Oleh: Yasmi Adriansyah, PhD, Dosen Hubungan Internasional Universitas Al Azhar Indonesia
Pernyataan Pemerintah Indonesia untuk tidak “ikut campur” urusan dalam negeri China dalam konteks penindasan etnis Uighur sungguh amat memprihatinkan. Pernyataan yang disampaikan Wakil Presiden Jusuf Kalla dan bukan Presiden Joko Widodo tersebut seolah menjadi kemunduran (setback) terburuk dari postur internasional Indonesia. Indonesia seolah berhibernasi, menghilang dari percaturan antarbangsa.
Hibernasi Indonesia, atau tepatnya Pemerintah Indonesia, terjadi dalam konteks perjuangan atas Hak Asasi Manusia (HAM) dan identitas sebagai negara dengan penduduk Muslim terbesar dunia. Hibernasi ini terbilang sangat ironis. Di saat mayoritas negara-negara Barat, sebagian negara middle power Muslim seperti Turki, dan Parlemen Eropa bersuara keras terhadap China dalam sidang penting HAM PBB Universal Periodic Review (UPR), 6 November 2018, posisi Indonesia justru lebih banyak menyoroti isu kesehatan (maternal health care).

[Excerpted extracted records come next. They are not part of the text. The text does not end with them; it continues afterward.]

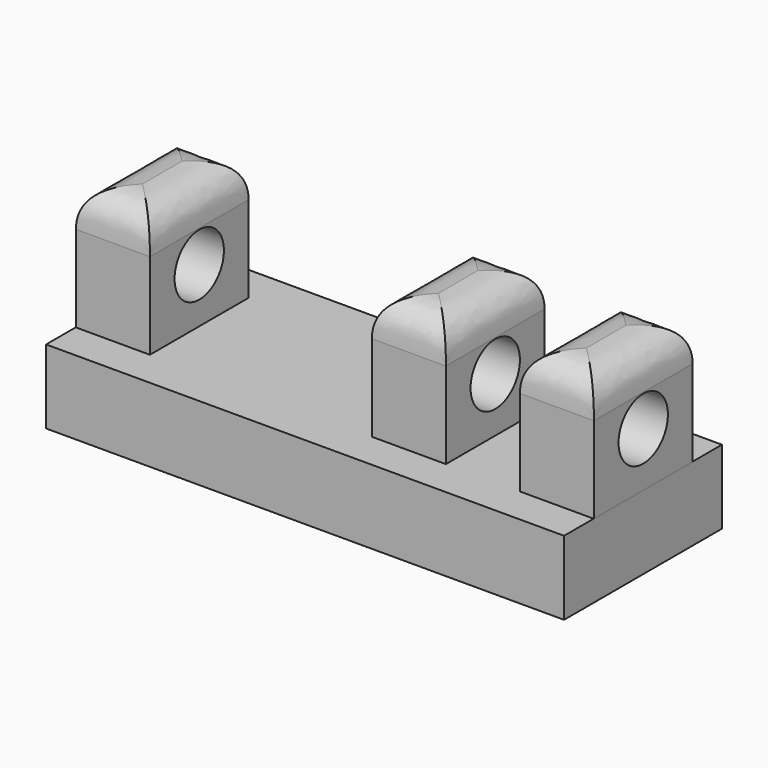
from build123d import *

# Parameters (mm, degrees)
F0_W        = 3
F0_H        = 5
F1_DEPTH    = 5
F2_T1_DEPTH = 12.5
F2_T3_DEPTH = 10.5
F3_R        = 1.25
F4_DEPTH    = 3.03
F0_W_2      = 21
F0_H_2      = 7.9999981078
F9_DEPTH    = 3


# Not quite as in the source:
# - a fillet or chamfer that OpenCascade refuses, or shapes differently, is made with other operations: its cross-section is extruded or revolved along the edge and cut away or added


with BuildPart() as f1:
    # F0 (on Top) → F1 (new body)
    with BuildSketch(Plane.XY):
        with Locations((-56.206721127, 50.7836565375)):
            Rectangle(F0_W, F0_H)
    extrude(amount=F1_DEPTH)

    # F2: fillet of radius 1.5 on 4 edges, made by hand

    # F2_s2 → F2_t1 (cut)
    with BuildSketch(Plane.XZ.offset(-57.0336565375)):
        with BuildLine():
            add(Edge.make_bspline(
                [(-54.706721127, 3.5), (-54.706721127, 5), (-56.206721127, 5)],
                knots=[0, 0, 0, 1, 1, 1], degree=2, weights=[1, 1, 1]))
            Line((-56.206721127, 5), (-54.706721127, 5))
            Line((-54.706721127, 5), (-54.706721127, 3.5))
        make_face()
        with BuildLine():
            add(Edge.make_bspline(
                [(-57.706721127, 3.5), (-57.706721127, 5), (-56.206721127, 5)],
                knots=[0, 0, 0, 1, 1, 1], degree=2, weights=[1, 1, 1]))
            Line((-56.206721127, 5), (-57.706721127, 5))
            Line((-57.706721127, 5), (-57.706721127, 3.5))
        make_face()
    extrude(amount=F2_T1_DEPTH, mode=Mode.SUBTRACT)

    # F2_s4 → F2_t3 (cut)
    with BuildSketch(Plane.YZ.offset(-61.456721127)):
        with BuildLine():
            add(Edge.make_bspline(
                [(53.2836565375, 3.5), (53.2836565375, 5), (51.7836565375, 5)],
                knots=[0, 0, 0, 1, 1, 1], degree=2, weights=[1, 1, 1]))
            Line((51.7836565375, 5), (53.2836565375, 5))
            Line((53.2836565375, 5), (53.2836565375, 3.5))
        make_face()
        with BuildLine():
            add(Edge.make_bspline(
                [(48.2836565375, 3.5), (48.2836565375, 5), (49.7836565375, 5)],
                knots=[0, 0, 0, 1, 1, 1], degree=2, weights=[1, 1, 1]))
            Line((49.7836565375, 5), (48.2836565375, 5))
            Line((48.2836565375, 5), (48.2836565375, 3.5))
        make_face()
    extrude(amount=F2_T3_DEPTH, mode=Mode.SUBTRACT)

    # F3 (on face) → F4 (cut)
    with BuildSketch(Plane(origin=(-57.706721127, 0, 0), x_dir=(0, -1, 0), z_dir=(-1, 0, 0))):
        with Locations((-50.7836565375, 2.1999999881)):
            Circle(F3_R)
    extrude(amount=-F4_DEPTH, mode=Mode.SUBTRACT)


with BuildPart() as f5_1:
    # F5: copy of F1
    add(f1.part.moved(Location((6, 0, 0))))


with BuildPart() as f6_1:
    # F6: copy of F5_1
    add(f5_1.part.moved(Location((-3, 0, 0))))


with BuildPart() as f6_1_1:
    # F7: moved
    add(f6_1.part.moved(Location((-15, 0, 0))))


with BuildPart() as f1_1:
    # F8: moved
    add(f1.part.moved(Location((0, 0, 3))))


with BuildPart() as f5_1_1:
    # F8: moved
    add(f5_1.part.moved(Location((0, 0, 3))))


with BuildPart() as f6_1_2:
    # F8: moved
    add(f6_1_1.part.moved(Location((0, 0, 3))))


with BuildPart() as f9:
    # F0 (on Top) → F9 (new body)
    with BuildSketch(Plane.XY):
        with Locations((-59.216706872, 50.7836549358)):
            Rectangle(F0_W_2, F0_H_2)
        with Locations((-56.206721127, 50.7836565375)):
            Rectangle(F0_W, F0_H, mode=Mode.SUBTRACT)
        with Locations((-56.206721127, 50.7836565375)):
            Rectangle(F0_W, F0_H)
    extrude(amount=F9_DEPTH)


solid = Compound([f1_1.part, f5_1_1.part, f6_1_2.part, f9.part])

Puncaknya, pernyataan Jusuf Kalla dengan alasan prinsip non-intervensi telah menimbulkan kekecewaan banyak pihak di Indonesia. Wajar jika terjadi demonstrasi terbilang masif di sejumlah pelosok negeri. Di satu sisi berbagai komponen penting bangsa seperti Majelis Ulama Indonesia, Muhammadiyah, dan sekumpulan massa mengecam penindasan Pemerintah China kepada etnis Uighur, di sisi lain menyesalkan sikap lemah Pemerintah Indonesia.
Baca Juga: Keutamaan Menulis: Perspektif Ilmiah dan Syari
Lebih ironis lagi, Presiden Jokowi justru fokus melakukan aktivitas seremonial seperti mengunjungi proyek-proyek infrastruktur. Sampai tulisan ini dibuat, belum pernah sekalipun presiden mengeluarkan suara kritis atas isu Uighur. Dalam bahasa kaum milenial, sang orang nomor satu Indonesia sepertinya ‘gagal paham’.
Berangkat dari fenomena di atas, ada beberapa analisa yang dapat kita kedepankan. Pertama, Pemerintah Indonesia sudah demikian tunduk atau bahkan ketakutan dengan Pemerintah Komunis China. Sudah menjadi rahasia umum bahwa negeri yang tengah membesarkan diri dengan Belt and Road Initiative (BRI) ini bersikap agresif dan ekspansif dengan kebijakannya. China mengucurkan dana miliaran dolar AS ke negara-negara yang ingin bermitra dalam konteks BRI.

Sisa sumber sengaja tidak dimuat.